__Your objective__
All of the data, from the first line to the last, should be reproduced without alteration.

__Data for this task__

===

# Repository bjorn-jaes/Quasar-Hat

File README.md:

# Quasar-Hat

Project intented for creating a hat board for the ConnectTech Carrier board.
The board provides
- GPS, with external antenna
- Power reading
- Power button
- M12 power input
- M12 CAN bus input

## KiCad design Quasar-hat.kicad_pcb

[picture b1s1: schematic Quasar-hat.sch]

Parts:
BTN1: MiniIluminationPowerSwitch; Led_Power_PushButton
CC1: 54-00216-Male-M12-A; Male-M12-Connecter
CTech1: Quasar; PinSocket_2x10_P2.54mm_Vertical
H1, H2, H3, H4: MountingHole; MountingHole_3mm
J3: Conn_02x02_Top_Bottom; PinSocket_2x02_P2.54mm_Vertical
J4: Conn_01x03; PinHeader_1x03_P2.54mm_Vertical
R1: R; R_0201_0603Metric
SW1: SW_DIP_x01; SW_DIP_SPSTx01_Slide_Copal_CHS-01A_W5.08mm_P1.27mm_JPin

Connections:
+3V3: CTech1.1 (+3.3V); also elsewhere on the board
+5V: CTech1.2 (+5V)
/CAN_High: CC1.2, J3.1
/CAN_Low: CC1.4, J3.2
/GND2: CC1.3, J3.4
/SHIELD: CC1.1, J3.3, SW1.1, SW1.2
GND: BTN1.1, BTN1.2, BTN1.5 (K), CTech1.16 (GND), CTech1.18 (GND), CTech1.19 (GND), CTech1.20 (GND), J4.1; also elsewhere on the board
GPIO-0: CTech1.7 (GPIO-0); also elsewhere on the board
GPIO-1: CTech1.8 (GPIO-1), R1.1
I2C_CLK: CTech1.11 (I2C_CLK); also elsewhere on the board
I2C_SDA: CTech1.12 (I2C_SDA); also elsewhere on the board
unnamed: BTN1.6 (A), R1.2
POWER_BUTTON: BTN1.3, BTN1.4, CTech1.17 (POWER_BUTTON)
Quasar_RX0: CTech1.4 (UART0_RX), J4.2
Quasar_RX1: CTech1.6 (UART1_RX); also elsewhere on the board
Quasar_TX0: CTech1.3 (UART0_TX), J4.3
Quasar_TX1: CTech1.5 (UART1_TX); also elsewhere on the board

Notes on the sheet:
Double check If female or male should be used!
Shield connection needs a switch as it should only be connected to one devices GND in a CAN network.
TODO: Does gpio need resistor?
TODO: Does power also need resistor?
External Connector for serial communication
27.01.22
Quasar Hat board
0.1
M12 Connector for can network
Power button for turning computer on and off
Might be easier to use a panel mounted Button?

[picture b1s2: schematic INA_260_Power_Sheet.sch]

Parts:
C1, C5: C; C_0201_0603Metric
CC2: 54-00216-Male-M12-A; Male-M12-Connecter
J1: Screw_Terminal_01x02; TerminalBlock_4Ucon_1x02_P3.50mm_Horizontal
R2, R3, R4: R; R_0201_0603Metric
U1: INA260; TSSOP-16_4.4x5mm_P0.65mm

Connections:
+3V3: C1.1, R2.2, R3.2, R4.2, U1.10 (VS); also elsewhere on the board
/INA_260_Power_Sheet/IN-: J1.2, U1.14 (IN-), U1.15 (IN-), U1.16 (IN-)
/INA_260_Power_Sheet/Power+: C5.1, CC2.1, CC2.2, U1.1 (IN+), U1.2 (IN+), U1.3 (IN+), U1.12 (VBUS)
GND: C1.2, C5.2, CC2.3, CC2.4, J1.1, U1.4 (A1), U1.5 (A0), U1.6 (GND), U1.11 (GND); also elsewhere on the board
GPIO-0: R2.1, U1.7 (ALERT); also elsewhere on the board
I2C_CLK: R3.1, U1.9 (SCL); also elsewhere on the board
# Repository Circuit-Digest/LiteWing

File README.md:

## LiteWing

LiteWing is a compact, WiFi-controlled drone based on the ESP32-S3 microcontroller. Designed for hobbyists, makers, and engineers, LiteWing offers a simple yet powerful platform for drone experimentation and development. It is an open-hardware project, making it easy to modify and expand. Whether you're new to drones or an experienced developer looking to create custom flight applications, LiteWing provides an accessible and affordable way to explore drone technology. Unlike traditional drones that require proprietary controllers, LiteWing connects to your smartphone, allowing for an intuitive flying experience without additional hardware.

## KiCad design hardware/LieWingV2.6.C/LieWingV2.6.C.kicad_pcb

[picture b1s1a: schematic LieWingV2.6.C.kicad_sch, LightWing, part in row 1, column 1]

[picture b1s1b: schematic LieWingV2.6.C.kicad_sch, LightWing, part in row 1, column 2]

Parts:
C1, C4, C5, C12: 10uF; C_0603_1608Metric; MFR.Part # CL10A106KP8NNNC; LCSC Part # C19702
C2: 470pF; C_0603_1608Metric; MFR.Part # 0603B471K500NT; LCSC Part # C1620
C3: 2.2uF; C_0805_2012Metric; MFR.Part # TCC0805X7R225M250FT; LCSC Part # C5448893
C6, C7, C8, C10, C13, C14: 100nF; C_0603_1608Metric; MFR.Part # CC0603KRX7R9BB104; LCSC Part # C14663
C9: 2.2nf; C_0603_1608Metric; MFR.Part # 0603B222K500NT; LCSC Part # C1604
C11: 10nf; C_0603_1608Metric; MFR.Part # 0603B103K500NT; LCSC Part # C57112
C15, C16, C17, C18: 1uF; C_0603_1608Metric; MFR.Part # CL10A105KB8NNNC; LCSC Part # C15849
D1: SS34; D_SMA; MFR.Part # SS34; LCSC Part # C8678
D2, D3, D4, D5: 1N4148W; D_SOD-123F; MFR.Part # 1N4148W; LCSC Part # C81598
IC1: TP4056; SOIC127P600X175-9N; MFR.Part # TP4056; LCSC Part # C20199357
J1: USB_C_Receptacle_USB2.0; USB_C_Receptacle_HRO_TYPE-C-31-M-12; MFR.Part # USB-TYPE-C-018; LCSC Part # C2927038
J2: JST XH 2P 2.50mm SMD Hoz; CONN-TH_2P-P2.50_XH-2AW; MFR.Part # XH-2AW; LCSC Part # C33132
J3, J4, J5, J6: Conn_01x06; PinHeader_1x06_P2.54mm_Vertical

===

__The completed task__
# Repository bjorn-jaes/Quasar-Hat

File README.md:

# Quasar-Hat

Project intented for creating a hat board for the ConnectTech Carrier board.
The board provides
- GPS, with external antenna
- Power reading
- Power button
- M12 power input
- M12 CAN bus input

## KiCad design Quasar-hat.kicad_pcb

[picture b1s1: schematic Quasar-hat.sch]

Parts:
BTN1: MiniIluminationPowerSwitch; Led_Power_PushButton
CC1: 54-00216-Male-M12-A; Male-M12-Connecter
CTech1: Quasar; PinSocket_2x10_P2.54mm_Vertical
H1, H2, H3, H4: MountingHole; MountingHole_3mm
J3: Conn_02x02_Top_Bottom; PinSocket_2x02_P2.54mm_Vertical
J4: Conn_01x03; PinHeader_1x03_P2.54mm_Vertical
R1: R; R_0201_0603Metric
SW1: SW_DIP_x01; SW_DIP_SPSTx01_Slide_Copal_CHS-01A_W5.08mm_P1.27mm_JPin

Connections:
+3V3: CTech1.1 (+3.3V); also elsewhere on the board
+5V: CTech1.2 (+5V)
/CAN_High: CC1.2, J3.1
/CAN_Low: CC1.4, J3.2
/GND2: CC1.3, J3.4
/SHIELD: CC1.1, J3.3, SW1.1, SW1.2
GND: BTN1.1, BTN1.2, BTN1.5 (K), CTech1.16 (GND), CTech1.18 (GND), CTech1.19 (GND), CTech1.20 (GND), J4.1; also elsewhere on the board
GPIO-0: CTech1.7 (GPIO-0); also elsewhere on the board
GPIO-1: CTech1.8 (GPIO-1), R1.1
I2C_CLK: CTech1.11 (I2C_CLK); also elsewhere on the board
I2C_SDA: CTech1.12 (I2C_SDA); also elsewhere on the board
unnamed: BTN1.6 (A), R1.2
POWER_BUTTON: BTN1.3, BTN1.4, CTech1.17 (POWER_BUTTON)
Quasar_RX0: CTech1.4 (UART0_RX), J4.2
Quasar_RX1: CTech1.6 (UART1_RX); also elsewhere on the board
Quasar_TX0: CTech1.3 (UART0_TX), J4.3
Quasar_TX1: CTech1.5 (UART1_TX); also elsewhere on the board

Notes on the sheet:
Double check If female or male should be used!
Shield connection needs a switch as it should only be connected to one devices GND in a CAN network.
TODO: Does gpio need resistor?
TODO: Does power also need resistor?
External Connector for serial communication
27.01.22
Quasar Hat board
0.1
M12 Connector for can network
Power button for turning computer on and off
Might be easier to use a panel mounted Button?

[picture b1s2: schematic INA_260_Power_Sheet.sch]

Parts:
C1, C5: C; C_0201_0603Metric
CC2: 54-00216-Male-M12-A; Male-M12-Connecter
J1: Screw_Terminal_01x02; TerminalBlock_4Ucon_1x02_P3.50mm_Horizontal
R2, R3, R4: R; R_0201_0603Metric
U1: INA260; TSSOP-16_4.4x5mm_P0.65mm

Connections:
+3V3: C1.1, R2.2, R3.2, R4.2, U1.10 (VS); also elsewhere on the board
/INA_260_Power_Sheet/IN-: J1.2, U1.14 (IN-), U1.15 (IN-), U1.16 (IN-)
/INA_260_Power_Sheet/Power+: C5.1, CC2.1, CC2.2, U1.1 (IN+), U1.2 (IN+), U1.3 (IN+), U1.12 (VBUS)
GND: C1.2, C5.2, CC2.3, CC2.4, J1.1, U1.4 (A1), U1.5 (A0), U1.6 (GND), U1.11 (GND); also elsewhere on the board
GPIO-0: R2.1, U1.7 (ALERT); also elsewhere on the board
I2C_CLK: R3.1, U1.9 (SCL); also elsewhere on the board
# Repository Circuit-Digest/LiteWing

File README.md:

## LiteWing

LiteWing is a compact, WiFi-controlled drone based on the ESP32-S3 microcontroller. Designed for hobbyists, makers, and engineers, LiteWing offers a simple yet powerful platform for drone experimentation and development. It is an open-hardware project, making it easy to modify and expand. Whether you're new to drones or an experienced developer looking to create custom flight applications, LiteWing provides an accessible and affordable way to explore drone technology. Unlike traditional drones that require proprietary controllers, LiteWing connects to your smartphone, allowing for an intuitive flying experience without additional hardware.

## KiCad design hardware/LieWingV2.6.C/LieWingV2.6.C.kicad_pcb

[picture b1s1a: schematic LieWingV2.6.C.kicad_sch, LightWing, part in row 1, column 1]

[picture b1s1b: schematic LieWingV2.6.C.kicad_sch, LightWing, part in row 1, column 2]

Parts:
C1, C4, C5, C12: 10uF; C_0603_1608Metric; MFR.Part # CL10A106KP8NNNC; LCSC Part # C19702
C2: 470pF; C_0603_1608Metric; MFR.Part # 0603B471K500NT; LCSC Part # C1620
C3: 2.2uF; C_0805_2012Metric; MFR.Part # TCC0805X7R225M250FT; LCSC Part # C5448893
C6, C7, C8, C10, C13, C14: 100nF; C_0603_1608Metric; MFR.Part # CC0603KRX7R9BB104; LCSC Part # C14663
C9: 2.2nf; C_0603_1608Metric; MFR.Part # 0603B222K500NT; LCSC Part # C1604
C11: 10nf; C_0603_1608Metric; MFR.Part # 0603B103K500NT; LCSC Part # C57112
C15, C16, C17, C18: 1uF; C_0603_1608Metric; MFR.Part # CL10A105KB8NNNC; LCSC Part # C15849
D1: SS34; D_SMA; MFR.Part # SS34; LCSC Part # C8678
D2, D3, D4, D5: 1N4148W; D_SOD-123F; MFR.Part # 1N4148W; LCSC Part # C81598
IC1: TP4056; SOIC127P600X175-9N; MFR.Part # TP4056; LCSC Part # C20199357
J1: USB_C_Receptacle_USB2.0; USB_C_Receptacle_HRO_TYPE-C-31-M-12; MFR.Part # USB-TYPE-C-018; LCSC Part # C2927038
J2: JST XH 2P 2.50mm SMD Hoz; CONN-TH_2P-P2.50_XH-2AW; MFR.Part # XH-2AW; LCSC Part # C33132
J3, J4, J5, J6: Conn_01x06; PinHeader_1x06_P2.54mm_Vertical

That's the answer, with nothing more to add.